I immediately thought Johnny Hodges, too. I like "The Johnny," but "The Rabbit" is cool, too.


----------



## J-Moen (Mar 9, 2009)

Saxydude said:


> I immediately thought Johnny Hodges, too. I like "The Johnny," but "The Rabbit" is cool, too.


Yeah! Or The Hodges, or The Jeep, or even his real first name, The Cornelius.

Some Rabbit to help make the choice tho


----------



## 10mfan (Jun 15, 2003)

Very good suggestions so far, thank you. 

Please keep them coming.


----------



## mmichel (Oct 1, 2006)

Well, you seem to have been naming the alto pieces after tunes or albums rather than after players, so how about something like "The Isfahan".


----------



## J-Moen (Mar 9, 2009)

mmichel said:


> Well, you seem to have been naming the alto pieces after tunes or albums rather than after players, so how about something like "The Isfahan".


Ah yeah, I like this! Isfahan is a great one!

Also, could do "Flirtibird" (The Live at the Blue Note is an amazing track) or even "Black Butterfly"


----------



## extradarcafe (Dec 7, 2008)

How about “SoSo?”


----------



## saxyjare01 (Aug 15, 2011)

The Cotton Tail
The Mid-Century
Old School
Fluffy


----------



## saxyjare01 (Aug 15, 2011)

The Foo-Foo


----------



## 10mfan (Jun 15, 2003)

Modern players playing in a modern style will not sound like Johnny Hodges, so I have to be careful of how I name this so they aren’t scared away thinking it’s just foofy. 
For players looking for more warmth and fullness and something different than Meyers or Links and their copies, this will be greatly enjoyed. 

I really appreciate all of the suggestions so far, and just keep pounding me with them.


----------



## sopsax (Feb 3, 2003)

10mfan said:


> ...fullness and does not get thin or shrill. It's got a roll over baffle and a larger chamber. Plenty of volume available with full altissimo.


There's your answer, Mark. Call it ALTISSIMO!


----------



## saxmanjack (Feb 3, 2003)

Look up names of birds. Pick one.


----------



## jacco (Apr 5, 2003)

Shiraz or Malbec
When you still like wine

Cheers!


----------



## Sigmund451 (Aug 8, 2003)

craigmultireedguy said:


> Tough one... "Songbird"? "'A' Train"? "The Sound"?


Finding names is tough

Just for reference the french company that makes Phil-tone is called Le Son as is one of my models.
That translates to "The Sound"

Just an fyi

Best of luck


----------



## mmichel (Oct 1, 2006)

10mfan said:


> Modern players playing in a modern style will not sound like Johnny Hodges, so I have to be careful of how I name this so they aren't scared away thinking it's just foofy.
> For players looking for more warmth and fullness and something different than Meyers or Links and their copies, this will be greatly enjoyed.
> 
> I really appreciate all of the suggestions so far, and just keep pounding me with them.

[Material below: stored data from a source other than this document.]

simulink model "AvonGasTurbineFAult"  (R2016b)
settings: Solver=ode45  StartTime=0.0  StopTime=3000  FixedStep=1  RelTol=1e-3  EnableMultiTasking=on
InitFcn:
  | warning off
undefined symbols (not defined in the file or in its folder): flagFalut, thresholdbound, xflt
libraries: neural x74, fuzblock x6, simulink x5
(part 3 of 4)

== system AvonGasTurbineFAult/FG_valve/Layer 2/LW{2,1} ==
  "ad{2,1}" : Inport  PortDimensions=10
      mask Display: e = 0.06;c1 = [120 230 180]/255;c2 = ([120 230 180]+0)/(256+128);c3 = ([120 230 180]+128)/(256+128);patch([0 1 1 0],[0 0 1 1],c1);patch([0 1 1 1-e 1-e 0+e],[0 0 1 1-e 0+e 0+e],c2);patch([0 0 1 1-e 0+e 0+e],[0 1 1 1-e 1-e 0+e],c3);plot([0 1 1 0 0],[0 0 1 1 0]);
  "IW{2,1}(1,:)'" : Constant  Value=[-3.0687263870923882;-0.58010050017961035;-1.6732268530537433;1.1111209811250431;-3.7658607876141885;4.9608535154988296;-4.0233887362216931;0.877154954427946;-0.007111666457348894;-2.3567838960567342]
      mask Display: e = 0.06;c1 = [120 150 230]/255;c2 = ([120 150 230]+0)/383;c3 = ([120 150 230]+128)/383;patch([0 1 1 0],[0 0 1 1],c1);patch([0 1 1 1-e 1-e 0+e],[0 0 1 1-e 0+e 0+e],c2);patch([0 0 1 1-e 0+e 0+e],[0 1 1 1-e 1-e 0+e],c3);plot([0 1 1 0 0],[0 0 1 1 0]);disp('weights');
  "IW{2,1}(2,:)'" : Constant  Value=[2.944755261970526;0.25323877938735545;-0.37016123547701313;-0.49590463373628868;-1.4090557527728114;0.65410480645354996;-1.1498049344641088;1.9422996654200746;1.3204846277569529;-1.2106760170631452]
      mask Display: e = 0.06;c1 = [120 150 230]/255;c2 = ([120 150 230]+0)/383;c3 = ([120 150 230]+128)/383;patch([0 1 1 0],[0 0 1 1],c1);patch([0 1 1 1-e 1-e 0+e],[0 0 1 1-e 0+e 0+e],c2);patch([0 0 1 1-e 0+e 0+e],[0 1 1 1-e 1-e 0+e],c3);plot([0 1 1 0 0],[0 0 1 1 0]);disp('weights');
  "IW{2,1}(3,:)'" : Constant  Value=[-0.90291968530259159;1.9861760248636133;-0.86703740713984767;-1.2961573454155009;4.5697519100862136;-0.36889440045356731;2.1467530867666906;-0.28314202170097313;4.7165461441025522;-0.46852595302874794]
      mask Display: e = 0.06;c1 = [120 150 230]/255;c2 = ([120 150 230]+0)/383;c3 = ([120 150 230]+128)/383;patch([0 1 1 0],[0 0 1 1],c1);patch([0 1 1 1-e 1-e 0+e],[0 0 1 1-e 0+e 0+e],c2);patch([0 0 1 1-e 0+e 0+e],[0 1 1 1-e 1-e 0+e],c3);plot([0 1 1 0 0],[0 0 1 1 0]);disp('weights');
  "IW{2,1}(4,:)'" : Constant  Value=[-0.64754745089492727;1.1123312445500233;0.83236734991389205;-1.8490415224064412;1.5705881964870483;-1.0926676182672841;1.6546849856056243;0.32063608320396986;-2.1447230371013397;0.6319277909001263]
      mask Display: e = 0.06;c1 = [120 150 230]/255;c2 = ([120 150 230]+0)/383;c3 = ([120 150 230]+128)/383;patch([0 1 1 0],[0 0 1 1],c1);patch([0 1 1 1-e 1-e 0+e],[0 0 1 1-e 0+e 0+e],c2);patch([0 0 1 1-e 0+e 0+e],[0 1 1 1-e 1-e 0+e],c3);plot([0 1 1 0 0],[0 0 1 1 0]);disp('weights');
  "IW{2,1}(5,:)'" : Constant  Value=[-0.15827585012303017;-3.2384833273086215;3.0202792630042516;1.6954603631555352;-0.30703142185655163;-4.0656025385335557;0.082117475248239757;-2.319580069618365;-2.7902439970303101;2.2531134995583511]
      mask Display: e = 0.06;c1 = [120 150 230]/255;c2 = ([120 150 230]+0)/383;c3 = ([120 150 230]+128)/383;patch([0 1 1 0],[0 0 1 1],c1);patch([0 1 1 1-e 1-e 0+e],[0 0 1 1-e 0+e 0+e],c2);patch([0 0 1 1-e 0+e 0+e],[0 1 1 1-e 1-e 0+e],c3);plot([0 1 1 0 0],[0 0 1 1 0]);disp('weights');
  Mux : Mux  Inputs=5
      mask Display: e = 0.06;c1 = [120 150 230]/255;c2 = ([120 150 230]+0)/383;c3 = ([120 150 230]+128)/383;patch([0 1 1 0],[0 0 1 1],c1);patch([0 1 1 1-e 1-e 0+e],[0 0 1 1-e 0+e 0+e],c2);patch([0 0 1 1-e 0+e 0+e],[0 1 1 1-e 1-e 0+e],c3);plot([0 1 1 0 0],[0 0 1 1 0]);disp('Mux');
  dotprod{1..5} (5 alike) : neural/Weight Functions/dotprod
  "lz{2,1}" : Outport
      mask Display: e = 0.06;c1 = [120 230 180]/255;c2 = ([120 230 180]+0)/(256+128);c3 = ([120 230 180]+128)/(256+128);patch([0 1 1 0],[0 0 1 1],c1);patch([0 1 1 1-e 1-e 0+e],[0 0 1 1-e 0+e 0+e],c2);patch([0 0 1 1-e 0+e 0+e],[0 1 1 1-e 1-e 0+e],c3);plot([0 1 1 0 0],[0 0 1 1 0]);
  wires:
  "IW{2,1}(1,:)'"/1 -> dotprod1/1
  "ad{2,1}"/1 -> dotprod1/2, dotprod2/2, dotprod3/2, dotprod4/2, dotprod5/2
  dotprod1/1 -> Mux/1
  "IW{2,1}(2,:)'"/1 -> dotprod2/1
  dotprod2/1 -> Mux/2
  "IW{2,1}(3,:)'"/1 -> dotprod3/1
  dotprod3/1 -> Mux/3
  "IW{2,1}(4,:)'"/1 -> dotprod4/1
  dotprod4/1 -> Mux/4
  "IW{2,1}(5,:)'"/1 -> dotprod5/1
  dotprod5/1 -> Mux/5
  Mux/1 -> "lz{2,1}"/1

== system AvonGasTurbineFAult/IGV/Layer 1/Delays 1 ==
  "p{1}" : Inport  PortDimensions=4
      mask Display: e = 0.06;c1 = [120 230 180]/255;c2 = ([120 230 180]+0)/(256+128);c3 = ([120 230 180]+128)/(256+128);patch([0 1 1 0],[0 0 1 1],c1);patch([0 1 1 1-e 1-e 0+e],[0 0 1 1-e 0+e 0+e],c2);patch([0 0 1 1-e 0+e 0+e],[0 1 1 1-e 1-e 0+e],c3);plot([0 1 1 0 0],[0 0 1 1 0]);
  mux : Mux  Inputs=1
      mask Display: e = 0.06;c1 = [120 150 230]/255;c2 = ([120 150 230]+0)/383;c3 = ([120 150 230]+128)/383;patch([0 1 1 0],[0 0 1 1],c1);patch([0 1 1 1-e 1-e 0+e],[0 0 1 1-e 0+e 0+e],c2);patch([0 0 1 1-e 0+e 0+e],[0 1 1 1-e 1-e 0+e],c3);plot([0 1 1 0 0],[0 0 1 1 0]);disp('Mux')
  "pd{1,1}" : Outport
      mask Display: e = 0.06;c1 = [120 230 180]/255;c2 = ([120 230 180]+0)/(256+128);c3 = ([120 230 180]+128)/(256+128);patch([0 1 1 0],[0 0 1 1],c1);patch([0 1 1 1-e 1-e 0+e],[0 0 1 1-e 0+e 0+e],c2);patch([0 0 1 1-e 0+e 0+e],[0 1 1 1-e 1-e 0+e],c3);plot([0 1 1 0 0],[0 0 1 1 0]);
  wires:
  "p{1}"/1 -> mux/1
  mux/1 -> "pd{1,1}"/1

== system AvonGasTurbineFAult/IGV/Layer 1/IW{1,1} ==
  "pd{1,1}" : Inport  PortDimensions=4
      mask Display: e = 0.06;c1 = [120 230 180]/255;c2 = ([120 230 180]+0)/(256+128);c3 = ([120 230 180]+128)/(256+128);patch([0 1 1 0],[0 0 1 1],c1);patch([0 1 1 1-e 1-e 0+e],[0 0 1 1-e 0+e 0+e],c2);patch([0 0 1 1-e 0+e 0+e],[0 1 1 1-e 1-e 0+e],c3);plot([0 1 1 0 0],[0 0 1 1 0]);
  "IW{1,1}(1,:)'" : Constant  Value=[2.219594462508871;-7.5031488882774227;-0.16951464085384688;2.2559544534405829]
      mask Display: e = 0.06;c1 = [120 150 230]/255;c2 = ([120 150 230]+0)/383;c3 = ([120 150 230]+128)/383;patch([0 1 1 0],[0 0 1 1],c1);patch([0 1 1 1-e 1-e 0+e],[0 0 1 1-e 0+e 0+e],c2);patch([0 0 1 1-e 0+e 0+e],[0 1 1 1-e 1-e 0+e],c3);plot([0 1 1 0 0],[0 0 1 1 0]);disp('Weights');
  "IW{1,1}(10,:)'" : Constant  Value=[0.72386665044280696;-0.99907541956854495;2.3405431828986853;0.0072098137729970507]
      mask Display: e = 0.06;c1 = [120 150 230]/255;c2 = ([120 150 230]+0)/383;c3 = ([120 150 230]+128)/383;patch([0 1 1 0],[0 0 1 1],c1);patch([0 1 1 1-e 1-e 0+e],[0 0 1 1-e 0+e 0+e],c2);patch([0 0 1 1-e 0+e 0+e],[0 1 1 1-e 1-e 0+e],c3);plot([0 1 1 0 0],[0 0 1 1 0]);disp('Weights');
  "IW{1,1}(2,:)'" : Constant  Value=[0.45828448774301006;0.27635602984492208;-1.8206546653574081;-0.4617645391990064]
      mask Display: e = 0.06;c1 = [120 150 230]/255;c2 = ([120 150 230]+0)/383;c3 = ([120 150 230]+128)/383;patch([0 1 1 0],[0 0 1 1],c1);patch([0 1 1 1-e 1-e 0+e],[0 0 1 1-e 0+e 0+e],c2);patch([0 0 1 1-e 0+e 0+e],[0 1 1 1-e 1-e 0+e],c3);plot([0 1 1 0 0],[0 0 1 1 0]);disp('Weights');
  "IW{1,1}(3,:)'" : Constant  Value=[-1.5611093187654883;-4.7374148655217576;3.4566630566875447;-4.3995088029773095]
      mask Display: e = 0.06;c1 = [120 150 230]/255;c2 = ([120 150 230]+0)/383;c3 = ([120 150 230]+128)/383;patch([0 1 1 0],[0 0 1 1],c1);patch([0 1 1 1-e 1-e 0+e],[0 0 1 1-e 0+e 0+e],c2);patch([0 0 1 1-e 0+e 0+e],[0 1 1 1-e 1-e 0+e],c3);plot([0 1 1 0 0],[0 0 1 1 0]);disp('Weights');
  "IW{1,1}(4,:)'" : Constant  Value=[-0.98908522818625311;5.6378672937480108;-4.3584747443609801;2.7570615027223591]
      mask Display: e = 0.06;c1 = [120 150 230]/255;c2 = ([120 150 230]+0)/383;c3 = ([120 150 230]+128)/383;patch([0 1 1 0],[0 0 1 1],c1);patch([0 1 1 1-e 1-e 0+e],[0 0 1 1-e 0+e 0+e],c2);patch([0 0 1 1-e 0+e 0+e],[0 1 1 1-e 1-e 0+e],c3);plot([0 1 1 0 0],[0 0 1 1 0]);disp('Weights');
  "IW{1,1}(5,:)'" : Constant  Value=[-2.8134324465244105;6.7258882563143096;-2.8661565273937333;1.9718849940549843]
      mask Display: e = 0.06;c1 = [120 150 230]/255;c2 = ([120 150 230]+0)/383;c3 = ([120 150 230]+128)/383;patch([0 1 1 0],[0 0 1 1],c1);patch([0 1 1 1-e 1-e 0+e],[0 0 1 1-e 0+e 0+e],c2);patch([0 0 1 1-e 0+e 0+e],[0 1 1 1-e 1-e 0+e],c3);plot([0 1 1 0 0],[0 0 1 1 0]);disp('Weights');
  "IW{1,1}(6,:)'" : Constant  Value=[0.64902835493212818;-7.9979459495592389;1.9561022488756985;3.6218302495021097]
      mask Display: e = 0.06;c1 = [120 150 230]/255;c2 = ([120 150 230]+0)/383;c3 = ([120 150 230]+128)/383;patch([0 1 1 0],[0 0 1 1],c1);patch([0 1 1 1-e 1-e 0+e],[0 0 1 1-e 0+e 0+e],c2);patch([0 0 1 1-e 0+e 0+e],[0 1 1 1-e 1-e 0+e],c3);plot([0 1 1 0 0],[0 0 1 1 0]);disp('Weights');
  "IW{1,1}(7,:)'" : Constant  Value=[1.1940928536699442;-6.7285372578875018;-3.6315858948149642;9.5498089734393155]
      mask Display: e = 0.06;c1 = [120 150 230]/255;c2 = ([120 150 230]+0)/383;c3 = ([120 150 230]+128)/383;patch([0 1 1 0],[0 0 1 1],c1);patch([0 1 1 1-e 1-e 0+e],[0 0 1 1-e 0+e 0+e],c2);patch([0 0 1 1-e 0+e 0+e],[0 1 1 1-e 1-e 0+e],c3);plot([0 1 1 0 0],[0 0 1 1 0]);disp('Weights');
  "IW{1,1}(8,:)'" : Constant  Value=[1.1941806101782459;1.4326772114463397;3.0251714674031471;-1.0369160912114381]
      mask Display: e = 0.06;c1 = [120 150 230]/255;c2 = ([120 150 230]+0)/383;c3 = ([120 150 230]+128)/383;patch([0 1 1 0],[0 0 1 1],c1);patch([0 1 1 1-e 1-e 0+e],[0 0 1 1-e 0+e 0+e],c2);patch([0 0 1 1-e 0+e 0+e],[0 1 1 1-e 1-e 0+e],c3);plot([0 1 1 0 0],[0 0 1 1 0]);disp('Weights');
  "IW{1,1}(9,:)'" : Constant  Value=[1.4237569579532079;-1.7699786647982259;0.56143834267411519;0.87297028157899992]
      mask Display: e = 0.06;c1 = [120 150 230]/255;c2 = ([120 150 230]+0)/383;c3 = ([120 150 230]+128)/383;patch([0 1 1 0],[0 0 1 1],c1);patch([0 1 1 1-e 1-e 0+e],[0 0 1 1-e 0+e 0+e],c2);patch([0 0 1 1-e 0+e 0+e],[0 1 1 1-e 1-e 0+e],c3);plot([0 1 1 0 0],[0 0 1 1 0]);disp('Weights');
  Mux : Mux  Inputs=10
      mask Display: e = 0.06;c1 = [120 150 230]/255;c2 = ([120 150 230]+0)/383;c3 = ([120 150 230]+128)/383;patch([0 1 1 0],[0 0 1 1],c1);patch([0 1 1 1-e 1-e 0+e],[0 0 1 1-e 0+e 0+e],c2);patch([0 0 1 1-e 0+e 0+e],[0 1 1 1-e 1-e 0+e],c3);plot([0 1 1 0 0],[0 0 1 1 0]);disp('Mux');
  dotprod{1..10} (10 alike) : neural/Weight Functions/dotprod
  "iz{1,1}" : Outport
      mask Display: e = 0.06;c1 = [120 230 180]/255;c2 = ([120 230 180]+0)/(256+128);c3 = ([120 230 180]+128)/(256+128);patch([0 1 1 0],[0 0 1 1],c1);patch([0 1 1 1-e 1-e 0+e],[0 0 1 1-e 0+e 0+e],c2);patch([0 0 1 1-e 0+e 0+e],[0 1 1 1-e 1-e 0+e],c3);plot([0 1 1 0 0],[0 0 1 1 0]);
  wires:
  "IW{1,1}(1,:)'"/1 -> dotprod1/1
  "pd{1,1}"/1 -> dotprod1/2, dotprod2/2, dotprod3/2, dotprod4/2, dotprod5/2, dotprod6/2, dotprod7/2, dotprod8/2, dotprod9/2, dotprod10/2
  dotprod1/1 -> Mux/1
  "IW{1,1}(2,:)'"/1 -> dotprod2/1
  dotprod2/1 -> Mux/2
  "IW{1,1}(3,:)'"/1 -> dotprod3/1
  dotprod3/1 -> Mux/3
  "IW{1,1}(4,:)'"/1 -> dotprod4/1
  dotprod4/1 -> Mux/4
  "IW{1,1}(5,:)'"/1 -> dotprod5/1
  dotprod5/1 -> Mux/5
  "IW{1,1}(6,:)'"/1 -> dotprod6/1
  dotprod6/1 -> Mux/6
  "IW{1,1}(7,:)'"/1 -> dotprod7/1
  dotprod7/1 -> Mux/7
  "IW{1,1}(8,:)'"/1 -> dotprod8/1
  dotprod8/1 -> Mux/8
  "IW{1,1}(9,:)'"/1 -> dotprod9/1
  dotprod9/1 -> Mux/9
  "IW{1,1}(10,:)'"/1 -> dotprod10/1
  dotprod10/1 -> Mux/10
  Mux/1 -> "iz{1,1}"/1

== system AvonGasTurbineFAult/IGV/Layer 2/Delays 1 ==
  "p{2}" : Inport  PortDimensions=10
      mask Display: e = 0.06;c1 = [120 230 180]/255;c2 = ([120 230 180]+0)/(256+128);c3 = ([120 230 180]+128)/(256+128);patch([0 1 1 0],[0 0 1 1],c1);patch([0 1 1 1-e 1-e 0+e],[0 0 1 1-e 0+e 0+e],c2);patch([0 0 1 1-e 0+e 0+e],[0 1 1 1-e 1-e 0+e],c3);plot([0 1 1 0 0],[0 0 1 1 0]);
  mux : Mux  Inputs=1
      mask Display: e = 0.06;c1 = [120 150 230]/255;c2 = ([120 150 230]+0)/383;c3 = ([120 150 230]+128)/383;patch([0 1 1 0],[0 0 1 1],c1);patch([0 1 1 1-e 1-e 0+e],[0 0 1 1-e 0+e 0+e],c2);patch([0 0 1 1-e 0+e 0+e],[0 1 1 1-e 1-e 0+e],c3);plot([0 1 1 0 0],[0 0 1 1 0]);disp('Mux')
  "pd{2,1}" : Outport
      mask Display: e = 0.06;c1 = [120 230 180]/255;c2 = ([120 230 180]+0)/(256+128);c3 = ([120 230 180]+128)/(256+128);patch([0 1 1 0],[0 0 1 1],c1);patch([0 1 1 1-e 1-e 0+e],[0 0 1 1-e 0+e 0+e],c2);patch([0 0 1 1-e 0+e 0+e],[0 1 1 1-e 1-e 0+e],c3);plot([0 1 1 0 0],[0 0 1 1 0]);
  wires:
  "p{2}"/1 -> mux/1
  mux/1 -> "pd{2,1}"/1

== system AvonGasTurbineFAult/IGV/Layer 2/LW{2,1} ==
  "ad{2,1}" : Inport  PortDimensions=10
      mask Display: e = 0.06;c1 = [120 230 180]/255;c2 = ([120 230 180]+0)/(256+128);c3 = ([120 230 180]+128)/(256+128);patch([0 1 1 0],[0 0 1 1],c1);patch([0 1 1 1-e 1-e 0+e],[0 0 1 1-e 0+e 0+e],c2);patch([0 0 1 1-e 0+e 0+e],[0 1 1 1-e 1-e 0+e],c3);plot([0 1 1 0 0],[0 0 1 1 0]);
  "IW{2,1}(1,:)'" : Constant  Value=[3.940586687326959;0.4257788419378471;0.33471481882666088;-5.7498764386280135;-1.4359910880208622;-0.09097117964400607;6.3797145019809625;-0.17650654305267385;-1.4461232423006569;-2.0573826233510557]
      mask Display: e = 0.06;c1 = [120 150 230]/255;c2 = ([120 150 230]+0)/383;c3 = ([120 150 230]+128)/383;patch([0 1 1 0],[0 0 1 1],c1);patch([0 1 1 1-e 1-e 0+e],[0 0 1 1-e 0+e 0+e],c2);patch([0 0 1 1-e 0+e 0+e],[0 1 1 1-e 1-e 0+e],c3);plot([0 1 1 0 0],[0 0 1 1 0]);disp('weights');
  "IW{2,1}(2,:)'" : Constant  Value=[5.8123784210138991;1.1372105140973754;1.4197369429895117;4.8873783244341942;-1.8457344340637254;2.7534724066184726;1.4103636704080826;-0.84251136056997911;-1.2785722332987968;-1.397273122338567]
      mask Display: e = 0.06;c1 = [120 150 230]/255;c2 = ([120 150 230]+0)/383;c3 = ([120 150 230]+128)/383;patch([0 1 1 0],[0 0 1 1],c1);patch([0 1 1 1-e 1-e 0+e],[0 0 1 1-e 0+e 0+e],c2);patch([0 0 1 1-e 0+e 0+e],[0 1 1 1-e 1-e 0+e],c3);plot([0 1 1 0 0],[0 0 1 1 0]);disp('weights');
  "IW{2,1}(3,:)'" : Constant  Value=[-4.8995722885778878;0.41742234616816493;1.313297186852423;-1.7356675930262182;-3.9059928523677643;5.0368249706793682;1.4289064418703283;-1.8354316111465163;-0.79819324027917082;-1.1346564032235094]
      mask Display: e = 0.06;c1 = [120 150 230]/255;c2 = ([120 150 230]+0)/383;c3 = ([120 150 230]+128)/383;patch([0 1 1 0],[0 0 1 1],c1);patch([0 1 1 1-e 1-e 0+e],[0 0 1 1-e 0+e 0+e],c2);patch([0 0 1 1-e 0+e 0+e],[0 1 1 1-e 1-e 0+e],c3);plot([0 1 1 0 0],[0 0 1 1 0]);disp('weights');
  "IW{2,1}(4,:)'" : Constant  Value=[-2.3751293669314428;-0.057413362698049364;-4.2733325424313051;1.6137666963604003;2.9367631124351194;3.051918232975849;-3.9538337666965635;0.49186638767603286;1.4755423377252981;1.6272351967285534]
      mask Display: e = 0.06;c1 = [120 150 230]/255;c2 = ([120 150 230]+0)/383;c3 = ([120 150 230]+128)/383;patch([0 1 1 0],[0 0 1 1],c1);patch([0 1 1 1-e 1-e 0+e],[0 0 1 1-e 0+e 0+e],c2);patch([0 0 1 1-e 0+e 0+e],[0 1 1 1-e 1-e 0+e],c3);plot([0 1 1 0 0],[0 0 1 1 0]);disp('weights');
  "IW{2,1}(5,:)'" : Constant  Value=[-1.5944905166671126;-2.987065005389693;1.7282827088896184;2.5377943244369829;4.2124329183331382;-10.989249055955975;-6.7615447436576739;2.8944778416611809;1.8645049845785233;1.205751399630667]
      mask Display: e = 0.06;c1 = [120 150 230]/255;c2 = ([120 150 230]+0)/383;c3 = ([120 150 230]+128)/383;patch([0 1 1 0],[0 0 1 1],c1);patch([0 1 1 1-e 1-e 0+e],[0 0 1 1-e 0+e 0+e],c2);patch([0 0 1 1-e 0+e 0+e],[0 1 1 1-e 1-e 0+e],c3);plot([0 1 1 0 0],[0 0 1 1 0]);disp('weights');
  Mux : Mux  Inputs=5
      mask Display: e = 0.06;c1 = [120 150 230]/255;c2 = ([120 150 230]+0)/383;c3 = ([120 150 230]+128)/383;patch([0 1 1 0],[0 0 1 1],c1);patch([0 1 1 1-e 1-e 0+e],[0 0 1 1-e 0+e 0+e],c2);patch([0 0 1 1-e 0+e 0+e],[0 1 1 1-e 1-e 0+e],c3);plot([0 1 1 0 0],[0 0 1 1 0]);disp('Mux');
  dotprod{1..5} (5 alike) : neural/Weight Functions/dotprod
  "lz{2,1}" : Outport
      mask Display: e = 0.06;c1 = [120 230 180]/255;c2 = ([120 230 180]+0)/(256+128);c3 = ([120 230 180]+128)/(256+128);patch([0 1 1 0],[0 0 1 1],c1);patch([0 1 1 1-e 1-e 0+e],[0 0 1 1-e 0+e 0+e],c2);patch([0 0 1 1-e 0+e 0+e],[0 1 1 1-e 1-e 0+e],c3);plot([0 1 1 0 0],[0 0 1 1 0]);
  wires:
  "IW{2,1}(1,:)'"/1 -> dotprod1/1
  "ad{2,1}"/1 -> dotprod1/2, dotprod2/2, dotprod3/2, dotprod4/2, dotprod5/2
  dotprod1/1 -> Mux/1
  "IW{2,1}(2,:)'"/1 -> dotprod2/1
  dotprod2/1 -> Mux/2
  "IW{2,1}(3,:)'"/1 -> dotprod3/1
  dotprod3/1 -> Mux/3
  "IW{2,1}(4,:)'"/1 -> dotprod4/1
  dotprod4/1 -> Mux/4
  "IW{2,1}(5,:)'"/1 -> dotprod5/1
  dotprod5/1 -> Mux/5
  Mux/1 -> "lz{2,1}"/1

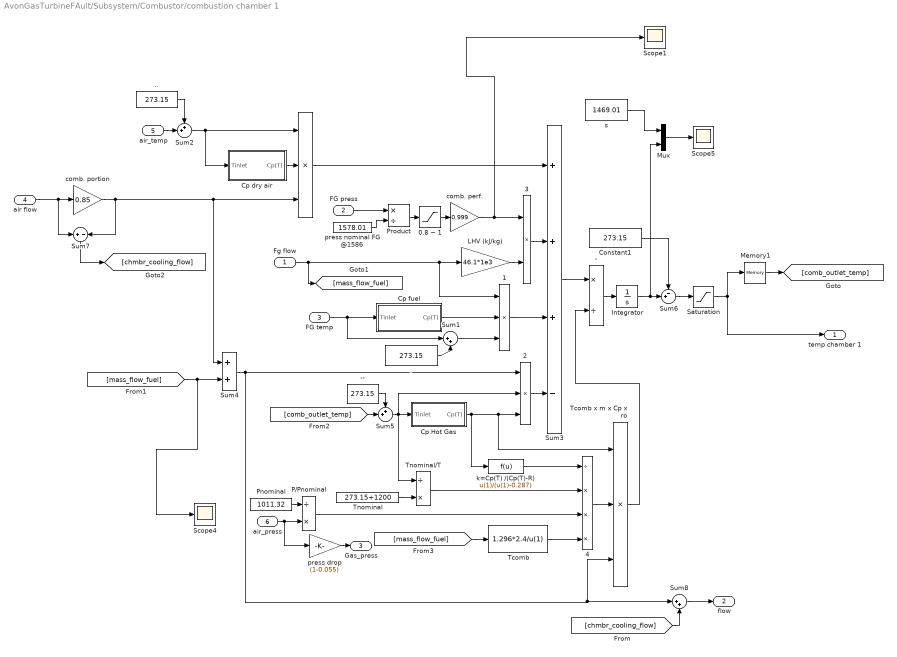
== system AvonGasTurbineFAult/Subsystem/Combustor/combustion chamber 1 ==
  Fg flow : Inport
  FG press : Inport  Port=2
  FG temp : Inport  Port=3
  air flow : Inport  Port=4
  air_temp : Inport  Port=5
  air_press : Inport  Port=6
  "     " : Product  Inputs=3  RndMeth=Zero
  "     1" : Product  Inputs=3  RndMeth=Zero
  "     2" : Product  Inputs=3  RndMeth=Zero
  "     3" : Product  RndMeth=Zero
  "     4" : Product  Inputs=/***  RndMeth=Zero
  " Cp dry air " : Subsystem
  - : Product  Inputs=*/  RndMeth=Zero
  -- : Constant  Value=273.15
  . : Constant  Value=273.15
  .. : Constant  Value=273.15
  0.8 ~ 1 : Saturate  UpperLimit=1  LowerLimit=0.8
  Constant1 : Constant  Value=273.15
  "Cp Hot Gas " : Subsystem
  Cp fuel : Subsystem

If you want to avoid explicitly referencing Hodges (whose sound is not at all foofy, IMO), but want to emphasize its added warmth, how about "The Hearth"?


----------



## Merlin (Feb 2, 2003)

The description makes me think of Jerome Richardson - why not call it the Groove Merchant?


----------



## 10mfan (Jun 15, 2003)

I appreciate the input. I will make a decision in the next couple of days. 


Keep the great choices coming.


----------



## J-Moen (Mar 9, 2009)

Some less affiliated names for you -- Ember, Fuoco, Fiero


----------



## 10mfan (Jun 15, 2003)

I have a name that I’ve kept on the back burner, which I will not reveal yet. I’m hoping that someone comes up with something that I like even more. There are some here that I’ve enjoyed already, so please keep the names coming. 

Thank you so much for all your help


----------



## mmichel (Oct 1, 2006)

"Thicc"


----------



## mmichel (Oct 1, 2006)

Okay, I've got one more serious suggestion: "Phenix". It works on several levels:

1. It references Cannonball's album of the same name, on which he has an unusually round and fat sound.
2. It refers to the Phoenix (i.e., the firebird of Greek myth), reborn from the ashes of its predecessor, as this mouthpiece is "reborn" from the ashes of its classic large-chamber, rollover baffle predecessors.
3. Due again to its reference to the Phoenix, it evokes warmth.


----------



## 10mfan (Jun 15, 2003)

Very good.....
Thank you for all your suggestions


----------



## keilmer (Apr 18, 2004)

Naming could be helpful for discussions with experienced users on SOTW...but not for my buying decision.
Based on your model policy I've to make decisions e.g. about:

- category
- spread / focussed
- material
- baffle type
- tip opening

Also: the associations of users with the final name will differ.


----------



## chilehed (Sep 17, 2013)

Warm, spread, fat? Sounds amazing, incredibly versatile?

Call it The Ella.


----------



## twowheels (Feb 2, 2003)

Since it's your new Category 1 mouthpiece, Mark, and it sounds like the design promotes a tone reminiscent of the early elders on alto....maybe name it the "Foundation".


----------



## 10mfan (Jun 15, 2003)

mmichel said:


> "Thicc"


Hi,
What did this stand for?


----------



## 10mfan (Jun 15, 2003)

keilmer said:


> Naming could be helpful for discussions with experienced users on SOTW...but not for my buying decision.
> Based on your model policy I've to make decisions e.g. about:
> 
> - category
> ...


Yes, that's how I hope you would make a decision as a player, but I still need a good name. I just figured it would be fun to throw it out there and have some great new options put out there, which are definitely happening.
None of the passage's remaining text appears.